Robert: Absolutely.Robert: And that is also one thing I hate about our current tax system. It gives people the false impression that the government "gives" them something around April every year (if they're among the fortunate folk getting a refund) and they go spend it in many cases.
Todd: This all leads back to the issue of public will. You need public will to accomplish things in government, and to have public will to solve problems, you need an educated public that sees practical realities. I'm not so sure America has EVER been that way.
Robert: Indeed, that is why the framers were so afraid of giving the "common man" the right to vote.Robert: They felt such people could not be trusted to understand what was best.

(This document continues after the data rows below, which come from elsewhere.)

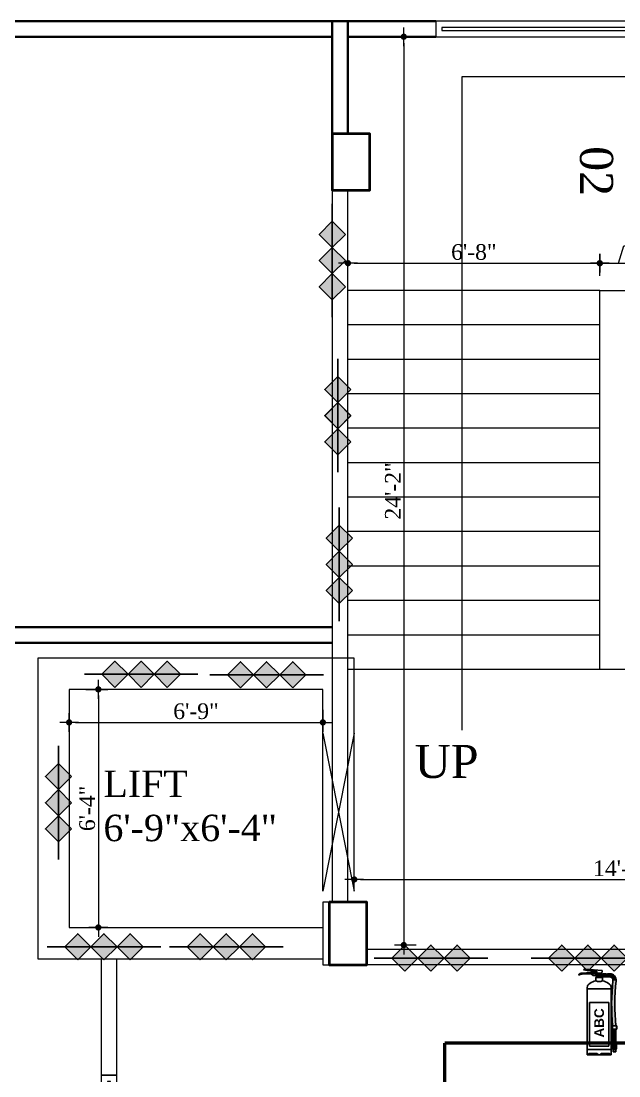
# Model space of a CAD drawing. Header units: inches. Extents: x -250485 to 735580, y -140410 to 288049.
# Drawn here: x 31254.8 to 31445.6, y 21551.7 to 21888.4 of the extents above; entities that cross this region are included whole.
import ezdxf

# ---------------------------------------------------------------- set-up
doc = ezdxf.new("R2010")
doc.units = ezdxf.units.IN
doc.header["$MEASUREMENT"] = 0
doc.header["$PDMODE"] = 35
doc.layers.get('0').update_dxf_attribs({"lineweight": 0})
doc.layers.get('Defpoints').update_dxf_attribs({"lineweight": 0})
for name, color, linetype, lineweight in [('A column', 106, 'Continuous', 40), ('A WALL', 7, 'Continuous', 35), ('A window', 150, 'Continuous', 0), ('coloum', 220, 'Continuous', 0), ('Layer1', 134, 'Continuous', 0), ('sheet', 7, 'Continuous', 15), ('wall', 7, 'Continuous', 0)]:
    doc.layers.add(name, color=color, linetype=linetype, lineweight=lineweight)
for name, color, linetype in [('fire rated wall', 7, 'Continuous'), ('FIREACC', 30, 'Continuous'), ('OUTSIDE', 253, 'Continuous')]:
    doc.layers.add(name, color=color, linetype=linetype)
doc.styles.add('ARCH', font='times.ttf')
doc.styles.add('REG', font='times.ttf')
doc.styles.get("Standard").update_dxf_attribs({"font": 'arialbd.ttf', "height": 24})
doc.dimstyles.new('Dim-Pres', dxfattribs={"dimtxt": 5.5, "dimasz": 2, "dimexe": 1.5, "dimexo": 1.5, "dimgap": 1, "dimtad": 3, "dimdec": 0, "dimzin": 3, "dimdsep": 46, "dimlunit": 4, "dimtxsty": 'REG', "dimblk": 'point', "dimcen": 2, "dimclrd": 256, "dimclre": 256, "dimclrt": 7, "dimadec": 0, "dimazin": 0, "dimtfac": 0.75, "dimtdec": 0, "dimtmove": 1, "dimatfit": 3, "dimldrblk": 'point', "dimfxl": 0, "dimtolj": 1, "dimtzin": 0, "dimlwd": -1, "dimlwe": -1, "dimarcsym": 1})

# ---------------------------------------------------------------- blocks, each defined once
blk = doc.blocks.new('A$C391809F5')
at = {"layer": 'A window', "ltscale": 30}
blk.add_lwpolyline([(-70.62, -4.62), (-70.62, -9.62), (49.38, -9.62), (49.38, -4.62), (-70.62, -4.62)], dxfattribs=at)
blk.add_lwpolyline([(-68.62, -6.62), (-68.62, -7.62), (47.38, -7.62), (47.38, -6.62)], close=True, dxfattribs=at)
blk = doc.blocks.new('A$C6FAC093D')
at = {"layer": 'A window', "ltscale": 30, "elevation": 0.3}
blk.add_lwpolyline([(12.82, 10.43), (7.82, 10.43), (7.82, -7.57), (12.82, -7.57), (12.82, 10.43)], dxfattribs=at)
blk.add_lwpolyline([(10.82, 8.43), (9.82, 8.43), (9.82, -5.57), (10.82, -5.57)], close=True, dxfattribs=at)
blk = doc.blocks.new('bfg')
at = {"layer": 'fire rated wall'}
h = blk.add_hatch(color=1, dxfattribs=at)
h.dxf.hatch_style = 1
h.paths.add_polyline_path([(9432308.7, -5613534.5), (9432321.4, -5613547.3), (9432334.2, -5613534.5)])
h.paths.add_polyline_path([(9432334.2, -5613534.5), (9432321.4, -5613521.8), (9432308.7, -5613534.5)])
h.paths.add_polyline_path([(9432334.2, -5613534.5), (9432359.7, -5613534.5), (9432346.9, -5613521.8)])
h.paths.add_polyline_path([(9432334.2, -5613534.5), (9432346.9, -5613547.3), (9432359.7, -5613534.5)])
at = {"layer": 'fire rated wall', "color": 1, "elevation": 0}
for points in [[(9432321.4, -5613547.3), (9432334.2, -5613534.5), (9432321.4, -5613521.8), (9432308.7, -5613534.5)], [(9432346.9, -5613547.3), (9432359.7, -5613534.5), (9432346.9, -5613521.8), (9432334.2, -5613534.5)]]:
    blk.add_lwpolyline(points, close=True, dxfattribs=at)
blk.add_lwpolyline([(9432291.7, -5613534.5), (9432376.7, -5613534.5)], dxfattribs=at)
blk = doc.blocks.new('3HR RATE')
at = {"layer": 'fire rated wall', "xscale": 1.292997314696549, "yscale": 1.292997314696549, "zscale": 1.292997314696549}
for p in [(-12191616.2, 7245476.7), (-12191583.2, 7245476.7)]:
    blk.add_blockref('bfg', p, dxfattribs=at)
blk = doc.blocks.new('dot')
at = {"color": 4}
for p, q in [((-1.5, 0), (1.5, 0)), ((0, 1.5), (0, -1.5))]:
    blk.add_line(p, q, dxfattribs=at)
at = {"color": 6, "const_width": 0.5}
blk.add_lwpolyline([(-0.25, 0, 1), (0.25, 0, 1)], format="xyb", close=True, dxfattribs=at)
blk = doc.blocks.new('point')
blk.add_blockref('dot', (0, 0))
blk = doc.blocks.new('*D553')
at = {"layer": 'Defpoints', "color": 0, "ltscale": 30, "transparency": 16777216}
for p in [(31270.16, 21675.07), (31351.16, 21675.07), (31351.16, 21664.53)]:
    blk.add_point(p, dxfattribs=at)
at = {"layer": 'Layer1', "ltscale": 30, "transparency": 16777216}
for p, q in [((31270.16, 21668.53), (31270.16, 21663.03)), ((31351.16, 21668.53), (31351.16, 21663.03)), ((31272.16, 21664.53), (31349.16, 21664.53))]:
    blk.add_line(p, q, dxfattribs=at)
at = {"layer": 'Layer1', "ltscale": 30, "transparency": 16777216, "xscale": 2, "yscale": 2, "zscale": 2, "rotation": 180}
blk.add_blockref('point', (31270.16, 21664.53), dxfattribs=at)
at = {"layer": 'Layer1', "ltscale": 30, "transparency": 16777216, "xscale": 2, "yscale": 2, "zscale": 2}
blk.add_blockref('point', (31351.16, 21664.53), dxfattribs=at)
at = {"layer": 'Layer1', "color": 7, "ltscale": 30, "transparency": 16777216, "insert": (31310.66, 21668.08), "char_height": 5, "attachment_point": 5, "style": 'REG'}
blk.add_mtext('\\A1;6\'-9"', dxfattribs=at)
blk = doc.blocks.new('*D554')
at = {"layer": 'Defpoints', "color": 0, "ltscale": 30, "transparency": 16777216}
for p in [(31270.16, 21675.07), (31270.16, 21599.07), (31279.49, 21599.07)]:
    blk.add_point(p, dxfattribs=at)
at = {"layer": 'Layer1', "ltscale": 30, "transparency": 16777216}
for p, q in [((31275.49, 21675.07), (31280.99, 21675.07)), ((31279.49, 21673.07), (31279.49, 21601.07)), ((31275.49, 21599.07), (31280.99, 21599.07))]:
    blk.add_line(p, q, dxfattribs=at)
at = {"layer": 'Layer1', "ltscale": 30, "transparency": 16777216, "xscale": 2, "yscale": 2, "zscale": 2}
for p, rotation in [((31279.49, 21675.07), 90), ((31279.49, 21599.07), 270)]:
    blk.add_blockref('point', p, dxfattribs=dict(at, rotation=rotation))
at = {"layer": 'Layer1', "color": 7, "ltscale": 30, "transparency": 16777216, "insert": (31275.95, 21637.07), "char_height": 5, "attachment_point": 5, "rotation": 90, "style": 'REG'}
blk.add_mtext('\\A1;6\'-4"', dxfattribs=at)
blk = doc.blocks.new('*D555')
at = {"layer": 'Defpoints', "color": 0, "ltscale": 30, "transparency": 16777216}
for p in [(31531.91, 21614.39), (31361.16, 21611.89), (31531.91, 21611.89)]:
    blk.add_point(p, dxfattribs=at)
at = {"layer": 'Layer1', "ltscale": 30, "transparency": 16777216}
for p, q in [((31361.16, 21613.39), (31361.16, 21615.89)), ((31363.16, 21614.39), (31529.91, 21614.39)), ((31531.91, 21613.39), (31531.91, 21615.89))]:
    blk.add_line(p, q, dxfattribs=at)
at = {"layer": 'Layer1', "ltscale": 30, "transparency": 16777216, "xscale": 2, "yscale": 2, "zscale": 2, "rotation": 180}
blk.add_blockref('point', (31361.16, 21614.39), dxfattribs=at)
at = {"layer": 'Layer1', "ltscale": 30, "transparency": 16777216, "xscale": 2, "yscale": 2, "zscale": 2}
blk.add_blockref('point', (31531.91, 21614.39), dxfattribs=at)
at = {"layer": 'Layer1', "color": 7, "ltscale": 30, "transparency": 16777216, "insert": (31446.53, 21617.93), "char_height": 5, "attachment_point": 5, "style": 'REG'}
blk.add_mtext('\\A1;14\'-3"', dxfattribs=at)
blk = doc.blocks.new('*D556')
at = {"layer": 'Defpoints', "color": 0, "ltscale": 30, "transparency": 16777216}
for p in [(31387.16, 21883.43), (31376.98, 21593.44), (31385.66, 21593.44)]:
    blk.add_point(p, dxfattribs=at)
at = {"layer": 'Layer1', "ltscale": 30, "transparency": 16777216}
for p, q in [((31380.98, 21883.43), (31375.48, 21883.43)), ((31376.98, 21881.43), (31376.98, 21595.44)), ((31380.98, 21593.44), (31375.48, 21593.44))]:
    blk.add_line(p, q, dxfattribs=at)
at = {"layer": 'Layer1', "ltscale": 30, "transparency": 16777216, "xscale": 2, "yscale": 2, "zscale": 2}
for p, rotation in [((31376.98, 21883.43), 90), ((31376.98, 21593.44), 270)]:
    blk.add_blockref('point', p, dxfattribs=dict(at, rotation=rotation))
at = {"layer": 'Layer1', "color": 7, "ltscale": 30, "transparency": 16777216, "insert": (31373.48, 21738.43), "char_height": 5, "attachment_point": 5, "rotation": 90, "style": 'REG'}
blk.add_mtext('\\A1;24\'-2"', dxfattribs=at)
blk = doc.blocks.new('*D557')
at = {"layer": 'Defpoints', "color": 0, "ltscale": 30, "transparency": 16777216}
for p in [(31439.53, 21811.14), (31359.16, 21802.43), (31439.53, 21802.43)]:
    blk.add_point(p, dxfattribs=at)
at = {"layer": 'Layer1', "ltscale": 30, "transparency": 16777216}
for p, q in [((31359.16, 21807.14), (31359.16, 21812.64)), ((31439.53, 21807.14), (31439.53, 21812.64)), ((31361.16, 21811.14), (31437.53, 21811.14))]:
    blk.add_line(p, q, dxfattribs=at)
at = {"layer": 'Layer1', "ltscale": 30, "transparency": 16777216, "xscale": 2, "yscale": 2, "zscale": 2, "rotation": 180}
blk.add_blockref('point', (31359.16, 21811.14), dxfattribs=at)
at = {"layer": 'Layer1', "ltscale": 30, "transparency": 16777216, "xscale": 2, "yscale": 2, "zscale": 2}
blk.add_blockref('point', (31439.53, 21811.14), dxfattribs=at)
at = {"layer": 'Layer1', "color": 7, "ltscale": 30, "transparency": 16777216, "insert": (31399.34, 21814.68), "char_height": 5, "attachment_point": 5, "style": 'REG'}
blk.add_mtext('\\A1;6\'-8"', dxfattribs=at)
blk = doc.blocks.new('*D558')
at = {"layer": 'Defpoints', "color": 0, "ltscale": 30, "transparency": 16777216}
for p in [(31451.53, 21811.12), (31439.56, 21802.43), (31451.53, 21802.43)]:
    blk.add_point(p, dxfattribs=at)
at = {"layer": 'Layer1', "ltscale": 30, "transparency": 16777216}
for p, q in [((31445.55, 21811.12), (31447.21, 21816.66)), ((31447.21, 21816.66), (31462.04, 21816.66)), ((31439.56, 21807.12), (31439.56, 21812.62)), ((31451.53, 21807.12), (31451.53, 21812.62)), ((31441.56, 21811.12), (31449.53, 21811.12))]:
    blk.add_line(p, q, dxfattribs=at)
at = {"layer": 'Layer1', "ltscale": 30, "transparency": 16777216, "xscale": 2, "yscale": 2, "zscale": 2, "rotation": 180}
blk.add_blockref('point', (31439.56, 21811.12), dxfattribs=at)
at = {"layer": 'Layer1', "ltscale": 30, "transparency": 16777216, "xscale": 2, "yscale": 2, "zscale": 2}
blk.add_blockref('point', (31451.53, 21811.12), dxfattribs=at)
at = {"layer": 'Layer1', "color": 7, "ltscale": 30, "transparency": 16777216, "insert": (31454.62, 21820.2), "char_height": 5, "attachment_point": 5, "style": 'REG'}
blk.add_mtext('\\A1;1\'-0"', dxfattribs=at)
blk = doc.blocks.new('*U196')
at = {"layer": 'OUTSIDE', "linetype": 'Continuous'}
for points in [[(-100.1, 481.8), (-104.2, 460.2), (-78.9, 477.6)], [(-78.9, 477.6), (-104.2, 460.2), (-84.3, 462.4)], [(-84.3, 462.4), (-104.2, 460.2), (-76.6, 321.2)], [(-104.2, 460.2), (-96.6, 320.1), (-76.6, 321.2)], [(-85.3, 498), (-100.1, 481.8), (-46.6, 485.8)], [(-46.6, 485.8), (-100.1, 481.8), (-64, 484)], [(-64, 484), (-100.1, 481.8), (-78.9, 477.6)], [(-64.2, 504), (-85.3, 498), (-52.4, 503.4)], [(-52.4, 503.4), (-85.3, 498), (-46.6, 502.2)], [(-43.2, 502.2), (-85.3, 498), (-43.2, 485.8)], [(-85.3, 498), (-43.2, 502.2), (-46.6, 502.2)], [(-85.3, 498), (-46.6, 485.8), (-43.2, 485.8)], [(-52.4, 503.4), (-58.3, 504), (-64.2, 504)], [(-46.6, 485.8), (-64, 484), (-52.4, 484.6)], [(-52.4, 484.6), (-64, 484), (-58.3, 484)], [(-96.6, 320.1), (-102.4, 180), (-82.5, 180)], [(-76.6, 321.2), (-96.6, 320.1), (-82.5, 180)], [(-82, 160), (-102.8, 111), (-82.8, 111)], [(-102, 160), (-102.8, 111), (-82, 160)], [(-102.8, 111), (-104.2, 62), (-84.2, 62)], [(-82.8, 111), (-102.8, 111), (-84.2, 62)]]:
    blk.add_solid(points, dxfattribs=at)
blk = doc.blocks.new('*U195')
at = {"layer": 'OUTSIDE', "linetype": 'Continuous'}
for points in [[(0, 488.3), (-0.7, 487.2), (0.9, 485.5)], [(-0.7, 487.2), (-0.3, 486), (0.9, 485.5)], [(0.4, 499.9), (0, 488.3), (0.9, 485.5)], [(0.8, 499.9), (0.4, 499.9), (0.9, 485.5)], [(0.9, 499.9), (0.8, 499.9), (0.9, 485.5)], [(0.9, 499.9), (0.9, 485.5), (1.7, 488.3)], [(1.2, 499.9), (0.9, 499.9), (1.7, 488.3)], [(1.7, 488.3), (0.9, 485.5), (2.4, 487.2)], [(2.4, 487.2), (0.9, 485.5), (2, 486)]]:
    blk.add_solid(points, dxfattribs=at)
blk = doc.blocks.new('ABC')
at = {"layer": 'FIREACC', "color": 11}
for p, q in [((-39151.6, 31714.1), (-39192.8, 31719.9)), ((-39100.5, 31717.2), (-39188.6, 31723.6)), ((-39154.2, 31706.6), (-39205.4, 31703.9)), ((-39153.3, 31701.1), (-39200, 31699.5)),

(to be continued tomorrow)


Julie Pippert said...


And intriguing end point. Isn't it a degree of arrogance to assume that even a decision made in what appears to be ignorance or because of irrelevant issues (such as "he seemed nice" or "I don't want change") is a matter of not knowing what is best? Paternalistic anyway.

I do get frustrated when people choose deliberately to remain ignorant of larger societal issues, and vote from a place of unmindfulness (call Webster's; I haven't had a full night's sleep in a week so am losing my vocabulary). Sometimes I think the idea of a mass call to get out and vote is irresponsible. Is it better to not vote if you have chosen to remain ignorant? But then I chastise myself.

Robert said...

I parsed up the conversation to try not to make it one massive post, and I did my best to not end in the middle of a point.

At times I am torn between whether it is best to allow all to vote or to require all to vote, whether it is best to limit the number in some fashion because of the general apathy of so many. In the end, the system of who gets to vote is what it is, and I would prefer that all voters get educated and make reasonable decisions on who to support and how instead of taking away voting rights (or requiring voting, which is a dangerous thought because of all the people who might vote to avoid some penalty but would have no interest in the outcome). The problem with the political environment is that so many people are not involved and therefore assume they have no power to influence the process. I can speak from experience in saying they are mistaken. One person can make a tremendous difference, but it might not be by only casting a vote (which is the disconnect so many seem to have). Imagine if I raised my child by showing up once every two years to cast my vote on what she should do differently. I know that's a big stretch to compare it that way, but honestly, if people expect that only voting every two years (or four, in many cases) is the only way to be involved in shaping policy and the surrounding discussion, then they simply don't understand the process. Being educated is a basic step to involvement. Spreading the message about what you agree with and believe - and discussing those ideas with both assenters and dissenters - is another step, and a step that few take. Still another step is actively selecting candidates to help in an active fashion, through funds and/or through effort (even if that effort is simply to put a sign in the yard), but very few even consider that part of the process.

This post is somewhat convoluted, but I hope it gets the point across. I wish more people would take the time to "parent" our government. We might see a lot more get done if we all did more to pay attention.